Gonzalo D. Maso Talou, Pablo J. Blanco, Gonzalo D. Ares, Cristiano Guedes Bezerra, Pedro A. Lemos, Raúl A. Feijóo

Abstract

Atherosclerotic plaque rupture and erosion are the most important mechanisms underlying the sudden plaque growth, responsible for acute coronary syndromes and even fatal cardiac events. Advances in the understanding of the culprit plaque structure and composition are already reported in the literature, however, there is still much work to be done toward in-vivo plaque visualization and mechanical characterization to assess plaque stability, patient risk, diagnosis and treatment prognosis. In this work, a methodology for the mechanical characterization of the vessel wall plaque and tissues is proposed based on the combination of intravascular ultrasound (IVUS) imaging processing, data assimilation and continuum mechanics models within a high performance computing (HPC) environment.
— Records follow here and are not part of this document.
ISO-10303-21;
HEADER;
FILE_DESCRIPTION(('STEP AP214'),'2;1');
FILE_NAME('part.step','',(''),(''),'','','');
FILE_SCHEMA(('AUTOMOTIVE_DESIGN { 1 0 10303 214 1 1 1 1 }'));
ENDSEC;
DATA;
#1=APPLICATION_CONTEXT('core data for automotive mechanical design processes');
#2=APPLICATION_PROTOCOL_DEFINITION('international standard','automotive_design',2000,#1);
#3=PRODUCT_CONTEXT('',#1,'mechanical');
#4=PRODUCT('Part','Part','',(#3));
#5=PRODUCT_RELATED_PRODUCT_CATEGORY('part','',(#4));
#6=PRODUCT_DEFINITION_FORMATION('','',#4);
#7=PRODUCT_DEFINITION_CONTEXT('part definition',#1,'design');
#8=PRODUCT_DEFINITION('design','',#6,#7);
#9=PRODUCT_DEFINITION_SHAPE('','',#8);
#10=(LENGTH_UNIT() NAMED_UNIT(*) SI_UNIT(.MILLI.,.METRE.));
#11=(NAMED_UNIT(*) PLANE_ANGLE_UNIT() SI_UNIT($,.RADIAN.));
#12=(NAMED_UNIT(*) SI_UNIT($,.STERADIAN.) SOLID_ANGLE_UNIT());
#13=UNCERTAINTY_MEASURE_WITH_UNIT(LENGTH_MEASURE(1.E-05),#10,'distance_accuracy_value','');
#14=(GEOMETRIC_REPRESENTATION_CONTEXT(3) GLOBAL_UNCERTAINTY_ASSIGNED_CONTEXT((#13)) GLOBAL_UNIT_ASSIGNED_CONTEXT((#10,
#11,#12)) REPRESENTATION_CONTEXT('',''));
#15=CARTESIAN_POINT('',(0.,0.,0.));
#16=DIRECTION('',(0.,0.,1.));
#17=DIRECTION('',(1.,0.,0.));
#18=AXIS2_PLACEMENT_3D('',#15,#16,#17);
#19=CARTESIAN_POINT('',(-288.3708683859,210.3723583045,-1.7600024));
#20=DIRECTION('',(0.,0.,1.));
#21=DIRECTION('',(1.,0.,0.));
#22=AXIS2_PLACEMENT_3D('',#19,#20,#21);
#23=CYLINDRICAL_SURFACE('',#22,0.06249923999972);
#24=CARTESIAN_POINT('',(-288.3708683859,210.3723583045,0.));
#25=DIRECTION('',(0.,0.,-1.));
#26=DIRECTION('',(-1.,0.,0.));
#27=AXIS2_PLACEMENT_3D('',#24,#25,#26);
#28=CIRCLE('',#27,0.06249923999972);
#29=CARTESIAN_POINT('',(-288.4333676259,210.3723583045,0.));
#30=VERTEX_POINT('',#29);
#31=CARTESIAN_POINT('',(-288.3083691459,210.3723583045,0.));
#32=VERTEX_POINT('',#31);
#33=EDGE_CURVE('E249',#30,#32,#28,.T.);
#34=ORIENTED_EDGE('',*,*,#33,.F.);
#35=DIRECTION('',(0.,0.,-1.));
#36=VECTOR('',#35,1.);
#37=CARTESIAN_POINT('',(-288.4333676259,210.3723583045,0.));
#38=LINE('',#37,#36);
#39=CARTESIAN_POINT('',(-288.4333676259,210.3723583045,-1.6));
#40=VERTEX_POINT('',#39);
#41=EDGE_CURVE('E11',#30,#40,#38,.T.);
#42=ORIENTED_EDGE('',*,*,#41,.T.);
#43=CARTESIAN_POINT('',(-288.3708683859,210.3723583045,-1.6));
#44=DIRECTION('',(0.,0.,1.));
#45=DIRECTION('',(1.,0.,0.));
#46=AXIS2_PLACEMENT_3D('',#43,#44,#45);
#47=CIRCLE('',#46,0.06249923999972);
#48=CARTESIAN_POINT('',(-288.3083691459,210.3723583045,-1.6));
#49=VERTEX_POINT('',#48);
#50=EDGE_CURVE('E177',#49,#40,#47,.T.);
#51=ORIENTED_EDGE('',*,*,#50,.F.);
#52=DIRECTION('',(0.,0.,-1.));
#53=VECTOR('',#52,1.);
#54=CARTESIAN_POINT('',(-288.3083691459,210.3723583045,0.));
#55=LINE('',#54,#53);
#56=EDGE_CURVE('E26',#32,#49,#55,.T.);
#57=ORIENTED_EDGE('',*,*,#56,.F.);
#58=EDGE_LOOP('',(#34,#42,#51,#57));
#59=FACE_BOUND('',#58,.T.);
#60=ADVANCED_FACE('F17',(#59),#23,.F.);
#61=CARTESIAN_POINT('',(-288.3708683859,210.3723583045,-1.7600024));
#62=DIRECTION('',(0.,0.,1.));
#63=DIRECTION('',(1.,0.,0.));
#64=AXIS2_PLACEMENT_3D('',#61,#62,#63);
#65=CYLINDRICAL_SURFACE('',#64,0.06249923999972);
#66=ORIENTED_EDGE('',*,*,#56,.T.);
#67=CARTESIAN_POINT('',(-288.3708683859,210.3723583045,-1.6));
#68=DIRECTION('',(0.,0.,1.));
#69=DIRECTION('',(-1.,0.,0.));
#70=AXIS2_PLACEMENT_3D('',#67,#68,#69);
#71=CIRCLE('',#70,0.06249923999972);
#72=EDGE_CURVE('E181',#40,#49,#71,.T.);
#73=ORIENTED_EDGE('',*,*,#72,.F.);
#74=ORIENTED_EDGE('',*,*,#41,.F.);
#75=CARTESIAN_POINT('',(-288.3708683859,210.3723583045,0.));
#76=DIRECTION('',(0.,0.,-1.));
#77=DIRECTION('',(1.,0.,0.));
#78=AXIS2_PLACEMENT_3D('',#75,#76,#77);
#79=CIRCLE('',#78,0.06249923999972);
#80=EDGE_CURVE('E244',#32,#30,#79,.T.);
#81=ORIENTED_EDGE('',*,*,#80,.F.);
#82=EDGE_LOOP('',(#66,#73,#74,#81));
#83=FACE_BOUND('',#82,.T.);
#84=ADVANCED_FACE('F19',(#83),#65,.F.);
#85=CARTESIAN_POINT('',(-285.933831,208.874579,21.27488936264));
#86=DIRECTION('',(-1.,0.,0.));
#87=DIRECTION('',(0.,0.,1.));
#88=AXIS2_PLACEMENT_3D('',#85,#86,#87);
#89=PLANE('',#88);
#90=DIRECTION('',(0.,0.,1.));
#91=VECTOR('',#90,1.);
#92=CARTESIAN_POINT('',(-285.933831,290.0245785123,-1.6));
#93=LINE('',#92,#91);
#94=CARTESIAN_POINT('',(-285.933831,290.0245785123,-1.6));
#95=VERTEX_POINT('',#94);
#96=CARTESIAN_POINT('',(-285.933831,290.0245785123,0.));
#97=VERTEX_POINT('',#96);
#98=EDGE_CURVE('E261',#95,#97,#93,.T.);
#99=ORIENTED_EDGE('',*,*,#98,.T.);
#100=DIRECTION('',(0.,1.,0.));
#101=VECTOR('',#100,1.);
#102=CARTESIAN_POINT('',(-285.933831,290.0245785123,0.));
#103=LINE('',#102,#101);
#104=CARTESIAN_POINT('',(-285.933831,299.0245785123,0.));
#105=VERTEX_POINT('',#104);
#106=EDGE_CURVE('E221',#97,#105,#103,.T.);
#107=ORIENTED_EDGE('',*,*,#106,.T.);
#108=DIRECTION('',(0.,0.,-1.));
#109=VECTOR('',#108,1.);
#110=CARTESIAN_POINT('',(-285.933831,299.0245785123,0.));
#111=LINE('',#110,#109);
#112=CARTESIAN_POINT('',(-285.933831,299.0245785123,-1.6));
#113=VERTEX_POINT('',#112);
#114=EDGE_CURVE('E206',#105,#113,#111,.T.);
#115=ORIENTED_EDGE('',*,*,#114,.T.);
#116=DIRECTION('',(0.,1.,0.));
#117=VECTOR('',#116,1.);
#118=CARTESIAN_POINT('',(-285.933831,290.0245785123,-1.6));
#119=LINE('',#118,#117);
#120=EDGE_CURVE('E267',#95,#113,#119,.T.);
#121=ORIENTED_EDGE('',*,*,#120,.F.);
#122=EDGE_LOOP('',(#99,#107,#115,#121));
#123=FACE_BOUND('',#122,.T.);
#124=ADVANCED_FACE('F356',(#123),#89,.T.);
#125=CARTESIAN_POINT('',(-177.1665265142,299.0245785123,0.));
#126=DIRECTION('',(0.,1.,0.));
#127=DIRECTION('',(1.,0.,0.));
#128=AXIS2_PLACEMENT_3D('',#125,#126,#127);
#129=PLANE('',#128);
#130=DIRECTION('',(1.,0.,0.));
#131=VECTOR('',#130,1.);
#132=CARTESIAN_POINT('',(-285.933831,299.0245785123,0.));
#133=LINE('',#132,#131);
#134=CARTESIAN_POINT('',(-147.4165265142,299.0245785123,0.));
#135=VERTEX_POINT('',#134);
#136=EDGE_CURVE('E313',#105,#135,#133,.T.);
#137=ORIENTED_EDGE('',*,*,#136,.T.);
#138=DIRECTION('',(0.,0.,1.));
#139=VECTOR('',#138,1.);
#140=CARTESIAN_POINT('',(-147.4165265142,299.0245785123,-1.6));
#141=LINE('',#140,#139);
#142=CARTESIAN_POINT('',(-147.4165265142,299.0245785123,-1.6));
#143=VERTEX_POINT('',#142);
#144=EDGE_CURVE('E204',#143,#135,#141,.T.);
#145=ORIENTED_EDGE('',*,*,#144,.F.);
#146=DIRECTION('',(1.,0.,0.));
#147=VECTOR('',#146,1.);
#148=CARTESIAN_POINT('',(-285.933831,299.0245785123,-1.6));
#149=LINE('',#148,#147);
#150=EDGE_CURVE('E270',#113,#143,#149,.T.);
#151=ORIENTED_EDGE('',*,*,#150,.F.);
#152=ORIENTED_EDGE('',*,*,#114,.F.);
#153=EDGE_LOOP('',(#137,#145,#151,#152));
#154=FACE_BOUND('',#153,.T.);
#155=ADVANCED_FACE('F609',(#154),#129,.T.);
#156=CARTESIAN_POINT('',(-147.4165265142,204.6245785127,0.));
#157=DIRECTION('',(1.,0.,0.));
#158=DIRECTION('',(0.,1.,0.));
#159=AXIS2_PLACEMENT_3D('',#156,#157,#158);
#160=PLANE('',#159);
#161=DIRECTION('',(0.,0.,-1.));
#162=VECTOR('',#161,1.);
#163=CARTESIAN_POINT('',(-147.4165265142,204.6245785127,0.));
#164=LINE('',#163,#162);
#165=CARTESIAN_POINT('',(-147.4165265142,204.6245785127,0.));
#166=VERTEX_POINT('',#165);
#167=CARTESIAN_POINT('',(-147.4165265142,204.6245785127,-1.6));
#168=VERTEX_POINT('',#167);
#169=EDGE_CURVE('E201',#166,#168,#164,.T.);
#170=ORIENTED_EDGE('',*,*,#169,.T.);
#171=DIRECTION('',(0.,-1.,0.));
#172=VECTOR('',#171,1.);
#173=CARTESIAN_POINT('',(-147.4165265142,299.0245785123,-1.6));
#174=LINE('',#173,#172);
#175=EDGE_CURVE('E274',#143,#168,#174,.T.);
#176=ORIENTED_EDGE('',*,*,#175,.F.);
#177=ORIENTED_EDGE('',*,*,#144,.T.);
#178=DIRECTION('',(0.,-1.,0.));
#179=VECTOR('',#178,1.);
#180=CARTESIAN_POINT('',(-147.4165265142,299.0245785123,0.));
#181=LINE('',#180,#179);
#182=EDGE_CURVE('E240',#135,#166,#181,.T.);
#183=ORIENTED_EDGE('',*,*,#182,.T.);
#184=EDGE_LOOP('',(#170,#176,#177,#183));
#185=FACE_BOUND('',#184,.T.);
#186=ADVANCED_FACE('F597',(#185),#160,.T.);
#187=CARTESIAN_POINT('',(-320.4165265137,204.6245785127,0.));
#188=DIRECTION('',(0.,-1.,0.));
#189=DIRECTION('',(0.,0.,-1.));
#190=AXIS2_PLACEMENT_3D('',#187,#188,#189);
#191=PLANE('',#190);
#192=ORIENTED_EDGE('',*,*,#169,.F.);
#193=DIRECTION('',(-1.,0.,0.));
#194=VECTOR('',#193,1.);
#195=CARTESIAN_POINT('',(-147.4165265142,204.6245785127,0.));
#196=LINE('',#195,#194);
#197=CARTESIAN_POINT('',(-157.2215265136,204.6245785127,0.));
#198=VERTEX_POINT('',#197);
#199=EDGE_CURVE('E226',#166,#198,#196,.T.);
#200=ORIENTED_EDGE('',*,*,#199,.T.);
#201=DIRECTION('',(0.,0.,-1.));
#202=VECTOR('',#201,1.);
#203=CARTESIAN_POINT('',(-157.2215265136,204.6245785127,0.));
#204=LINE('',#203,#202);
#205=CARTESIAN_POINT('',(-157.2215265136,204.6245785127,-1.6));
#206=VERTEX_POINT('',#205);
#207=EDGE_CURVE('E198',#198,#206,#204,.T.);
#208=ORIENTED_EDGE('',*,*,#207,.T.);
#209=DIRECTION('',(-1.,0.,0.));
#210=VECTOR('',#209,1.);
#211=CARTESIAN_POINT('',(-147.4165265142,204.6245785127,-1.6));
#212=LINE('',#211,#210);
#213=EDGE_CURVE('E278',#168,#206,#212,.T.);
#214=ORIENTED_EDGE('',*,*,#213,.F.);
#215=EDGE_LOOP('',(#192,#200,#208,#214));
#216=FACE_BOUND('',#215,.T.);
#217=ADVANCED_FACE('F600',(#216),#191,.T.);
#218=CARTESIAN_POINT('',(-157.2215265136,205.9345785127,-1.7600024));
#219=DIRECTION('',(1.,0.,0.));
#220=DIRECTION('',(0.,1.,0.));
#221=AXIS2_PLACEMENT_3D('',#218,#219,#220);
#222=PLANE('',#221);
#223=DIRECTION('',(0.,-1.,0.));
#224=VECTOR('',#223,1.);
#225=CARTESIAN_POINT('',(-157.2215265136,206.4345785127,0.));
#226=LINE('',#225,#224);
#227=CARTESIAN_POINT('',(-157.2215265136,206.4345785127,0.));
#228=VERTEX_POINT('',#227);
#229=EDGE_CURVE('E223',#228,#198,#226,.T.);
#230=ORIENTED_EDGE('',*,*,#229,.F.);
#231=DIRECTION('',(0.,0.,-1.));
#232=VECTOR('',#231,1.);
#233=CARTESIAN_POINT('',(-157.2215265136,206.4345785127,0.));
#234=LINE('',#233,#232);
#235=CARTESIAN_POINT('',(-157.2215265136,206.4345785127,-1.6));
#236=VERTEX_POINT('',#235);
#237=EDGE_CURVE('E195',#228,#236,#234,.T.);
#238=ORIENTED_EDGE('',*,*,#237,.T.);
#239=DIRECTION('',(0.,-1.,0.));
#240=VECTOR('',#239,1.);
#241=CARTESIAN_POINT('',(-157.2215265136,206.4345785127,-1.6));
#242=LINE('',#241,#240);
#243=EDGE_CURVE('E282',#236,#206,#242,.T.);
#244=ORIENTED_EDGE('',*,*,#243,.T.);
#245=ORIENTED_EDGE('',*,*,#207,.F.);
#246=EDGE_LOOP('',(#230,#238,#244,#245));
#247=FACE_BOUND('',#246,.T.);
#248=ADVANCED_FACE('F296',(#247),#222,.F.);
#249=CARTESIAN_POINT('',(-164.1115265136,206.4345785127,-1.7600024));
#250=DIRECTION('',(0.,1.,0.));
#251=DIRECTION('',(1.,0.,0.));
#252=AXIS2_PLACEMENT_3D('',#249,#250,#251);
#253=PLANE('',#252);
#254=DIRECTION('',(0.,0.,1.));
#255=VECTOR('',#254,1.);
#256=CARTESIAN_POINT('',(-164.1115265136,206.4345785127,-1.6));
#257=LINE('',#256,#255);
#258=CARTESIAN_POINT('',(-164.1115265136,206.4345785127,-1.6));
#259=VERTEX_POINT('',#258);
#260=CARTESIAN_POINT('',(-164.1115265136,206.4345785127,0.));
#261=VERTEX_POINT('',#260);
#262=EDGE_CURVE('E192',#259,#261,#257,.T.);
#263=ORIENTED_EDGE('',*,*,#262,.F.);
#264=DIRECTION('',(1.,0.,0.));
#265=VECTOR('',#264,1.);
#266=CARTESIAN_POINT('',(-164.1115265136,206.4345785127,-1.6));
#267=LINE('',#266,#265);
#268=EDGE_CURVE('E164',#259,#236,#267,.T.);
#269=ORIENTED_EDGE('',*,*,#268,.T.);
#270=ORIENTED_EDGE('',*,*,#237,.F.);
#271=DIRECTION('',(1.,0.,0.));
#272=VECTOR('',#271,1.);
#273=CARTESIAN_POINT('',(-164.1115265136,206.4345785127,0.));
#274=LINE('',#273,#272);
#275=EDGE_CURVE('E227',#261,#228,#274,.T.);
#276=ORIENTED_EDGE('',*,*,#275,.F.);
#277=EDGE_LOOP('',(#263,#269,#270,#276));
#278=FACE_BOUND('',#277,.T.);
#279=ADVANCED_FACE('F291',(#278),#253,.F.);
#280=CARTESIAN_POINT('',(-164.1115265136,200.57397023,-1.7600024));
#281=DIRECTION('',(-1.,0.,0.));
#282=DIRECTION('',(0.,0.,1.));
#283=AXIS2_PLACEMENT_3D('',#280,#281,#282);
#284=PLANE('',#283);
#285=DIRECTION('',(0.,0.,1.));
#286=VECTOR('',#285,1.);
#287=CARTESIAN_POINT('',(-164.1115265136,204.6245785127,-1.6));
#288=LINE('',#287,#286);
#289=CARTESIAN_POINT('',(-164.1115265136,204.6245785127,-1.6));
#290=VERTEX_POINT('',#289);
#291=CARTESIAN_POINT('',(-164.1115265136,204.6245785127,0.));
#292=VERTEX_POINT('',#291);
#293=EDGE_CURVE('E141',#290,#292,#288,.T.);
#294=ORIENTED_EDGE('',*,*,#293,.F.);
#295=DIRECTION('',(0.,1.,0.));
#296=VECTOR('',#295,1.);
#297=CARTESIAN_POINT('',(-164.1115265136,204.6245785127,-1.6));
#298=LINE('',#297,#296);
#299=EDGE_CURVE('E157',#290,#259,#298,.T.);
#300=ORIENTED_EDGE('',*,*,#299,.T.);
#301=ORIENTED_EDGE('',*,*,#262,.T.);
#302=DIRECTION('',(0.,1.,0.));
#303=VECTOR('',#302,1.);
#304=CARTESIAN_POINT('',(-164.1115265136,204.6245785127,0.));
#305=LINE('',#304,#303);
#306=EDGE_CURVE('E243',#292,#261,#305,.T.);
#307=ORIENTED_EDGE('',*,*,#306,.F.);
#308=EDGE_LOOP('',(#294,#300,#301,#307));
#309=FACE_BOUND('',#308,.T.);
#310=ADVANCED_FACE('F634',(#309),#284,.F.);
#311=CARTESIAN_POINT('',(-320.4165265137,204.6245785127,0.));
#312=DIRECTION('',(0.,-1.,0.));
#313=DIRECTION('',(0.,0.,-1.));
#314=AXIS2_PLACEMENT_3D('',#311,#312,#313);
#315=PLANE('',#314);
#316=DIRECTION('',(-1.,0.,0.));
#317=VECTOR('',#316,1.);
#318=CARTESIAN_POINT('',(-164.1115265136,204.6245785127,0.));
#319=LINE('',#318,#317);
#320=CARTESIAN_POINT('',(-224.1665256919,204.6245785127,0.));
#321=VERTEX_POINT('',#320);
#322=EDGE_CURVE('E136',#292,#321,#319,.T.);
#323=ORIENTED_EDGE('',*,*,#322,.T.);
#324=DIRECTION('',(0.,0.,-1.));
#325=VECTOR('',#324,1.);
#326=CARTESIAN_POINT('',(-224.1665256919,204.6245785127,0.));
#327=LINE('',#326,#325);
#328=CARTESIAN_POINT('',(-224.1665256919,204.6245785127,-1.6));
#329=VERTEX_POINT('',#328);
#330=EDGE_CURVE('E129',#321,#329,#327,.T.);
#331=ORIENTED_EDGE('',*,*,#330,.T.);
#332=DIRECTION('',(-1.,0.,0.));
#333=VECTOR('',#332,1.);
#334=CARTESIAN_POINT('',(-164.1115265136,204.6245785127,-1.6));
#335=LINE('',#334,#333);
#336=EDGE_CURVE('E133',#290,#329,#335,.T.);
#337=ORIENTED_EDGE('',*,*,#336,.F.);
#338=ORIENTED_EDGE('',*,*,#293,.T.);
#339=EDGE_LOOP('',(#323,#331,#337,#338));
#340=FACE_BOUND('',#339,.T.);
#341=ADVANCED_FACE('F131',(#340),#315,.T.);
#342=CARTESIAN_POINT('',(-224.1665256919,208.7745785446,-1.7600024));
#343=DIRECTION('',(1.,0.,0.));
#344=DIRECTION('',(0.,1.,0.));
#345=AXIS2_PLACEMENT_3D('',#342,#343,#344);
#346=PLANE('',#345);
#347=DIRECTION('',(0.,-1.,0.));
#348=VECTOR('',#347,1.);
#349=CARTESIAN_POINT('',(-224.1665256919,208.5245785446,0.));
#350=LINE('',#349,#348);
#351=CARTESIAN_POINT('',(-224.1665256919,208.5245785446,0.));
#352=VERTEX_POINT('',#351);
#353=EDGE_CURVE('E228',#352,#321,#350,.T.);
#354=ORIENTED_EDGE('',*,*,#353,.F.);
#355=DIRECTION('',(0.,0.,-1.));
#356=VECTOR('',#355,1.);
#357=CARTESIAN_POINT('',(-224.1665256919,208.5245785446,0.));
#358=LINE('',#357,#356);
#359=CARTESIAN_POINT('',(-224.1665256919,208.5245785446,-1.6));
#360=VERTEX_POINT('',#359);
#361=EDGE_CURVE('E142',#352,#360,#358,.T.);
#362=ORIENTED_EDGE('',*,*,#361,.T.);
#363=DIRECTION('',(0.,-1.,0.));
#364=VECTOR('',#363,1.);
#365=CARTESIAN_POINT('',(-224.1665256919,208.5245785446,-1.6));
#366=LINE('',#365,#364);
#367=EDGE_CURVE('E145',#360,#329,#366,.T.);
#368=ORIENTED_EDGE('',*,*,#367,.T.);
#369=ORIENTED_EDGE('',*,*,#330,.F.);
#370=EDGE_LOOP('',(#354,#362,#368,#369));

Initially, the IVUS study is gated to obtain volumes of image sequences corresponding to the vessel of interest at different cardiac phases. These sequences are registered against the sequence of the end-diastolic phase to remove transversal and longitudinal rigid motions prescribed by the moving environment due to the heartbeat. Then, optical flow between the image sequences is computed to obtain the displacement fields of the vessel (each associated to a certain pressure level). The obtained displacement fields are regarded as observations within a data assimilation paradigm, which aims to estimate the material parameters of the tissues within the vessel wall. Specifically, a reduced order unscented Kalman filter is employed, endowed with a forward operator which amounts to address the solution of a hyperelastic solid mechanics model in the finite strain regime taking into account the axially stretched state of the vessel, as well as the effect of internal and external forces acting on the arterial wall. Due to the computational burden, a HPC approach is mandatory. Hence, the data assimilation and computational solid mechanics computations are parallelized at three levels: (i) a Kalman filter level; (ii) a cardiac phase level; and (iii) a mesh partitioning level. To illustrate the capabilities of this novel methodology toward the in-vivo analysis of patient-specific vessel constituents, mechanical material parameters are estimated using in-silico and in-vivo data retrieved from IVUS studies. Limitations and potentials of this approach are exposed and discussed.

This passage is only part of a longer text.